The George Mason University Teaching Excellence Awards were initiated in 1994 to highlight the importance of teaching in George Mason’s mission and to recognize those faculty members who are leaders within the educational community, on campus and beyond. The award for Excellence in General Education was inaugurated in 2005 to recognize a faculty member who makes outstanding educational contributions in the university’s general education program.
Teaching Excellence Awards are coordinated and directed by Kimberly K. Eby, associate provost for faculty development and director of the Center for Teaching Excellence. Winners for all awards are selected through a competitive process in which they document their educational excellence through a teaching portfolio and other materials.

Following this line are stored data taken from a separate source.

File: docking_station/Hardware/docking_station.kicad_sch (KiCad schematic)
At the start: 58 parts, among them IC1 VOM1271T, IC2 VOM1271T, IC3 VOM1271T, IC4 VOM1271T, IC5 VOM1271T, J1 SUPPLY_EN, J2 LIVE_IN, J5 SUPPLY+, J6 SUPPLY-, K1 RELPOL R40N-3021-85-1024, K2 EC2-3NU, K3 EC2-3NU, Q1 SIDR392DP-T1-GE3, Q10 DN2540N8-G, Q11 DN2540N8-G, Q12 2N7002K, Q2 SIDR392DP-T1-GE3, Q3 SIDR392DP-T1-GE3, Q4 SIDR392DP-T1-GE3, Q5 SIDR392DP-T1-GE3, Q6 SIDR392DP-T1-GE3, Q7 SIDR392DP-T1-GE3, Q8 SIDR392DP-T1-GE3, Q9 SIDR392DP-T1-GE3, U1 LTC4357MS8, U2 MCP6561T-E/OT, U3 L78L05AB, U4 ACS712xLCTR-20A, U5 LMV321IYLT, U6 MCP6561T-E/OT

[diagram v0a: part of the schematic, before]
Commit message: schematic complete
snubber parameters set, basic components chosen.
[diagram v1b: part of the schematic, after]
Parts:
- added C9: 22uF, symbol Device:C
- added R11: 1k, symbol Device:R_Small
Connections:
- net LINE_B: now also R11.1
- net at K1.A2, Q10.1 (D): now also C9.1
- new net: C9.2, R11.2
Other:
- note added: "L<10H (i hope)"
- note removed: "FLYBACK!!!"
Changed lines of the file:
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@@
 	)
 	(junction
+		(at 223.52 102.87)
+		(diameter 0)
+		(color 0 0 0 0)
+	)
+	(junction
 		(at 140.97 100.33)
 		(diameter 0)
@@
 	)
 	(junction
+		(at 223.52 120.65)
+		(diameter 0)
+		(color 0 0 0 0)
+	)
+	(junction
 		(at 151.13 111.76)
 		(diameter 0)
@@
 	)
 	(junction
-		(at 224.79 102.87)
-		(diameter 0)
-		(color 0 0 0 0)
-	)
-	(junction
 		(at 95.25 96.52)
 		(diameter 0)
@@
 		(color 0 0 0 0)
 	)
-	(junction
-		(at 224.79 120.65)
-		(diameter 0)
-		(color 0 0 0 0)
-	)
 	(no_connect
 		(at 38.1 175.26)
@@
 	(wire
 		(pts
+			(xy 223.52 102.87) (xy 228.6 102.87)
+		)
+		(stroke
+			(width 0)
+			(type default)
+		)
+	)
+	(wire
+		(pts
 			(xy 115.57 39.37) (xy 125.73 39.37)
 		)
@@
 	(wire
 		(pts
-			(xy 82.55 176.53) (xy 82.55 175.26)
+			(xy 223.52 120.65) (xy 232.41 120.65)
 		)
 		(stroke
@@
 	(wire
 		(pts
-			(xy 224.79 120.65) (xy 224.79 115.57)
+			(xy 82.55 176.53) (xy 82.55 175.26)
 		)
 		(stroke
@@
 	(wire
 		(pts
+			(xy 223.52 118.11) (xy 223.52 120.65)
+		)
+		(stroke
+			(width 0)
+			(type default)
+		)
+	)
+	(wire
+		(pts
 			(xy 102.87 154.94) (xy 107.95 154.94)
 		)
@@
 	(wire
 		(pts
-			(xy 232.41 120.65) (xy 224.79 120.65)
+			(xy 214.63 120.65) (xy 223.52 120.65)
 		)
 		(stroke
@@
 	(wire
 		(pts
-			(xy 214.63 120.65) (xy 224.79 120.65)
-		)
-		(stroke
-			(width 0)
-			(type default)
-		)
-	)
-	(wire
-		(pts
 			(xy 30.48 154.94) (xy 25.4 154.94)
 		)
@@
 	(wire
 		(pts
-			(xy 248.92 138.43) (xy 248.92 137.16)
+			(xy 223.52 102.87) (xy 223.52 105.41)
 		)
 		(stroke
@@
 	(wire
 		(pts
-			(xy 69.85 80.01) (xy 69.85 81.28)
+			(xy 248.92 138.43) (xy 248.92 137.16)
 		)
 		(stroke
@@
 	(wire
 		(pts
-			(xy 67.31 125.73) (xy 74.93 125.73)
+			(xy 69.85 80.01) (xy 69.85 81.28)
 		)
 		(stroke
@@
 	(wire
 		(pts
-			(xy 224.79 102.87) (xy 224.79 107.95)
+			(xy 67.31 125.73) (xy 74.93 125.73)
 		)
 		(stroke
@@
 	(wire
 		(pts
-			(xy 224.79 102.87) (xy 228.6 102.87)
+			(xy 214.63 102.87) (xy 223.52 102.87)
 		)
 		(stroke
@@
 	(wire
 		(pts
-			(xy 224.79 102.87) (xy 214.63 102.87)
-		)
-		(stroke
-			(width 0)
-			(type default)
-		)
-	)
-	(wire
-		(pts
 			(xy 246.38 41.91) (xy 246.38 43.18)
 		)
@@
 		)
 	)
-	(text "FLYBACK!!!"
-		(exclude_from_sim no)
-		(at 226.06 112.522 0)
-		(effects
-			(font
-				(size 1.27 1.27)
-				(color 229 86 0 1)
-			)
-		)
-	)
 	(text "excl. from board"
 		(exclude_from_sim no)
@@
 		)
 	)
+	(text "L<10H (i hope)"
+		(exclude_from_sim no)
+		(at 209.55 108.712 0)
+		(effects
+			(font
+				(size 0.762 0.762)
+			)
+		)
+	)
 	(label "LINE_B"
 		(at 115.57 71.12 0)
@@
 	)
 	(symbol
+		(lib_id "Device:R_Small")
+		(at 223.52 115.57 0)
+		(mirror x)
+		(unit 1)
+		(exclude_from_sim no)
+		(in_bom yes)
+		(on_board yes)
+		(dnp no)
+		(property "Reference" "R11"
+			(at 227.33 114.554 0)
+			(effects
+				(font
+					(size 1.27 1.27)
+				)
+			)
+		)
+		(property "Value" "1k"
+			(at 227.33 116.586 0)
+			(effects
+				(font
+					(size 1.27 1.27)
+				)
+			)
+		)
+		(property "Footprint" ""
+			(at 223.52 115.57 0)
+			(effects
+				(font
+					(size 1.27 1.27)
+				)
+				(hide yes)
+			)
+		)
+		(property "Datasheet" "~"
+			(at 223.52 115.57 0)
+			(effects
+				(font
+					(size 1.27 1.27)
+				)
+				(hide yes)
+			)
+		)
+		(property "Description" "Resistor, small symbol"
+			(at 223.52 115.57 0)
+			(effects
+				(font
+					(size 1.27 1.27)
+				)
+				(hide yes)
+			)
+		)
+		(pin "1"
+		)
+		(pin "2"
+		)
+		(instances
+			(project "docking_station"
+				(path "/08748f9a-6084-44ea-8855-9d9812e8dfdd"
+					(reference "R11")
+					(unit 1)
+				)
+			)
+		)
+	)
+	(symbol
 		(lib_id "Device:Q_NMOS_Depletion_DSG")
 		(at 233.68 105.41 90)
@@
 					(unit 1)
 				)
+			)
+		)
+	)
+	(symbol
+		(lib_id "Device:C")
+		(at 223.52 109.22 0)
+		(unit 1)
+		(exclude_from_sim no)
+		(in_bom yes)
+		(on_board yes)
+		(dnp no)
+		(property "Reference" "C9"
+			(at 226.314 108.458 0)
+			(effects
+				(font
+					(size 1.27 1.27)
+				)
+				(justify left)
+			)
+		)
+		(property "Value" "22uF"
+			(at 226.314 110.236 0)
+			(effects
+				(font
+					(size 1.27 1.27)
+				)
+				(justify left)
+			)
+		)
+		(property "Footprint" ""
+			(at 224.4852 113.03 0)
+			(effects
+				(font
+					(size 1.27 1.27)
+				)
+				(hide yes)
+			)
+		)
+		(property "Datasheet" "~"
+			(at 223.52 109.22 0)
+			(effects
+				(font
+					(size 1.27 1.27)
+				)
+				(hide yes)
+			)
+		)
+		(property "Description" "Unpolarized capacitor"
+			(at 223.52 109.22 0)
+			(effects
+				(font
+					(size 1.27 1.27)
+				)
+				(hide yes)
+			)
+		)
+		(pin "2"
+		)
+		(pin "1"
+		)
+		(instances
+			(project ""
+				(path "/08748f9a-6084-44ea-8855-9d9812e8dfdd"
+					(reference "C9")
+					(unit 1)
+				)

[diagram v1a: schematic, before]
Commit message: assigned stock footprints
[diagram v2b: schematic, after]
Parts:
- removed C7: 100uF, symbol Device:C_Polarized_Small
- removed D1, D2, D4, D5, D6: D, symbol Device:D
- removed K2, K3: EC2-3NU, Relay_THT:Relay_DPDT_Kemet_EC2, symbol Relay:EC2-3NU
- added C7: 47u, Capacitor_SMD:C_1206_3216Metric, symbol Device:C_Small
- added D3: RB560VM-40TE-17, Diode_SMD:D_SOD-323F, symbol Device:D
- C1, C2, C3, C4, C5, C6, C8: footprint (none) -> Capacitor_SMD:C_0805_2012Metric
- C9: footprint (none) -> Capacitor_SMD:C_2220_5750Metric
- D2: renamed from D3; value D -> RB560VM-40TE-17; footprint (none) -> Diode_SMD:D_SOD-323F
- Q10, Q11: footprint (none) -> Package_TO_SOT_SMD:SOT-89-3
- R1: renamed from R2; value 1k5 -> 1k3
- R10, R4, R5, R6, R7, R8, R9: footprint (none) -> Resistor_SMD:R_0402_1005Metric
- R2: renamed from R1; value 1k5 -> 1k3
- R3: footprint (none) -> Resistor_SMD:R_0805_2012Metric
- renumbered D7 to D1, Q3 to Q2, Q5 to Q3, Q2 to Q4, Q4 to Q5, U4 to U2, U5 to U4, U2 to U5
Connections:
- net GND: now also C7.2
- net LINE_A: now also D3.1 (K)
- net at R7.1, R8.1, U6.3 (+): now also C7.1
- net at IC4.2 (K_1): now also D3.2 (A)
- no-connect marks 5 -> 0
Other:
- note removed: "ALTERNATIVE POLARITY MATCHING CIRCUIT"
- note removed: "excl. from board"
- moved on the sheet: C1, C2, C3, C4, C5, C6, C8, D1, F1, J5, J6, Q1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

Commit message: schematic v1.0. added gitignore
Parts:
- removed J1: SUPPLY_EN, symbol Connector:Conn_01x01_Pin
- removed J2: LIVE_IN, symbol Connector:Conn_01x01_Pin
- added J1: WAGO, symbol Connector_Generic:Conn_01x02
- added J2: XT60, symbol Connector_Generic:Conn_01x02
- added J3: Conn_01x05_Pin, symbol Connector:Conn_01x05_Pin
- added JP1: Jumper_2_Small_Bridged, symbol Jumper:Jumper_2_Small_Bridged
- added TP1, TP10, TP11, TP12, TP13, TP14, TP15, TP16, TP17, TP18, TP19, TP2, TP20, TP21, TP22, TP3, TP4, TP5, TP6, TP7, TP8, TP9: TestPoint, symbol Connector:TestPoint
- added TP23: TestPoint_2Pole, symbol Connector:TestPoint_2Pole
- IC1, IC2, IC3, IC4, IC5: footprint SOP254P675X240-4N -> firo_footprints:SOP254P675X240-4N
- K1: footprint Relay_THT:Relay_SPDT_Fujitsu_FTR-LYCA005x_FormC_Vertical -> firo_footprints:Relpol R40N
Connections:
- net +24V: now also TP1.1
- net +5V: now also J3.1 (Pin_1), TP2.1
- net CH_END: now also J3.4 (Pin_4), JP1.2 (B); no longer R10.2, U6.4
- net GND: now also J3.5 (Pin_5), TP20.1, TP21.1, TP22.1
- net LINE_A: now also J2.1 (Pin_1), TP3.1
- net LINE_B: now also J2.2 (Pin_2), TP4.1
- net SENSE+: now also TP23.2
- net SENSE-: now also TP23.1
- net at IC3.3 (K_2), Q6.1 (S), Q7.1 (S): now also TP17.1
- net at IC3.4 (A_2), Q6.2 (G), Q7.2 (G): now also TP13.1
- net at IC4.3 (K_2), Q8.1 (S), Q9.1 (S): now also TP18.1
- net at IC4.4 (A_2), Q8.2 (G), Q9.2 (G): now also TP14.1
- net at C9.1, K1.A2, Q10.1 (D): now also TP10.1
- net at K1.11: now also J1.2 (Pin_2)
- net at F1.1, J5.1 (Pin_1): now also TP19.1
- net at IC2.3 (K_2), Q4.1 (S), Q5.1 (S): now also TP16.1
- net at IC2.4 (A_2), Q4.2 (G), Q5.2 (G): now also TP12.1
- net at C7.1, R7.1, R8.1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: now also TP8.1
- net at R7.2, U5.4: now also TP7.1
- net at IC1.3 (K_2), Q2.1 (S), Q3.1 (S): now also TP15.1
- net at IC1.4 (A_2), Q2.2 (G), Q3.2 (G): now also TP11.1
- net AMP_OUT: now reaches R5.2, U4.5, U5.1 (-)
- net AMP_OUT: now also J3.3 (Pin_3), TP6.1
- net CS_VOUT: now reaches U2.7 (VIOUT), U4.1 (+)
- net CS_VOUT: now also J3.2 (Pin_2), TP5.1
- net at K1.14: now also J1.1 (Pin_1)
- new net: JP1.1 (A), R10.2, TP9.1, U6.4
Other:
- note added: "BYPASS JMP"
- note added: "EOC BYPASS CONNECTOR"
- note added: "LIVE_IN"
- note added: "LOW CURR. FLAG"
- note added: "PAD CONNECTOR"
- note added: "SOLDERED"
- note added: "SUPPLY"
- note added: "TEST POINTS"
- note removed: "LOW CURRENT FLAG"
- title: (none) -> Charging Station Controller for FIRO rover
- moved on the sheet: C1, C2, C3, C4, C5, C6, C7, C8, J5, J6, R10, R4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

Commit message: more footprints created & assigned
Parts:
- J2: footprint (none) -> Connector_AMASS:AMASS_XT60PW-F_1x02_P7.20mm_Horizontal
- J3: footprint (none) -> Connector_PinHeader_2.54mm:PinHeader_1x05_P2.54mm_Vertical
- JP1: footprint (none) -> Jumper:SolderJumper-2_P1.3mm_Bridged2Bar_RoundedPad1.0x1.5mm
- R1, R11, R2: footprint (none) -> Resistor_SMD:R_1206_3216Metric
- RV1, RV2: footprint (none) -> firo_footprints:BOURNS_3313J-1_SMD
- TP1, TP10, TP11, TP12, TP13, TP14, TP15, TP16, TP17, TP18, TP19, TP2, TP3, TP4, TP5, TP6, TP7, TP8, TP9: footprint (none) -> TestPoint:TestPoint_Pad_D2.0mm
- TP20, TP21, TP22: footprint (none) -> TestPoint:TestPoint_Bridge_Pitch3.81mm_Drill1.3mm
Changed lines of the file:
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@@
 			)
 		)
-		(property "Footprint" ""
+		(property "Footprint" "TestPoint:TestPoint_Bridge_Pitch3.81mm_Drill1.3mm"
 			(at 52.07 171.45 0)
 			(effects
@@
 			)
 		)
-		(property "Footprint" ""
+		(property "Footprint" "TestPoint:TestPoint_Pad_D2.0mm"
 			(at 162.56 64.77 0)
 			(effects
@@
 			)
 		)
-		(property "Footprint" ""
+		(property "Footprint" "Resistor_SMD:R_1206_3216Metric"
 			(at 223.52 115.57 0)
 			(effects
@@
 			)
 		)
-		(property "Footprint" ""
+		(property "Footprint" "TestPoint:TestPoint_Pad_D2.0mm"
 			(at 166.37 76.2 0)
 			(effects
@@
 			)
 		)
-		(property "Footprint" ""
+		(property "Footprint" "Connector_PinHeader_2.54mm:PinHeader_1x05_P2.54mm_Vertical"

Finalists in the process, and the winners, were chosen by a committee of faculty with expertise in issues of teaching and learning; committee members were primarily former award winners. This year’s committee members were Giuseppina Kysar Mattieti, Ellen Rodgers, Padmanabhan Seshaiyer, Suzanne Scott, Odette Willis and Paige Wolf.
Teaching Excellence Award winners receive a $2,000 stipend and travel support to present their work at a national or regional conference.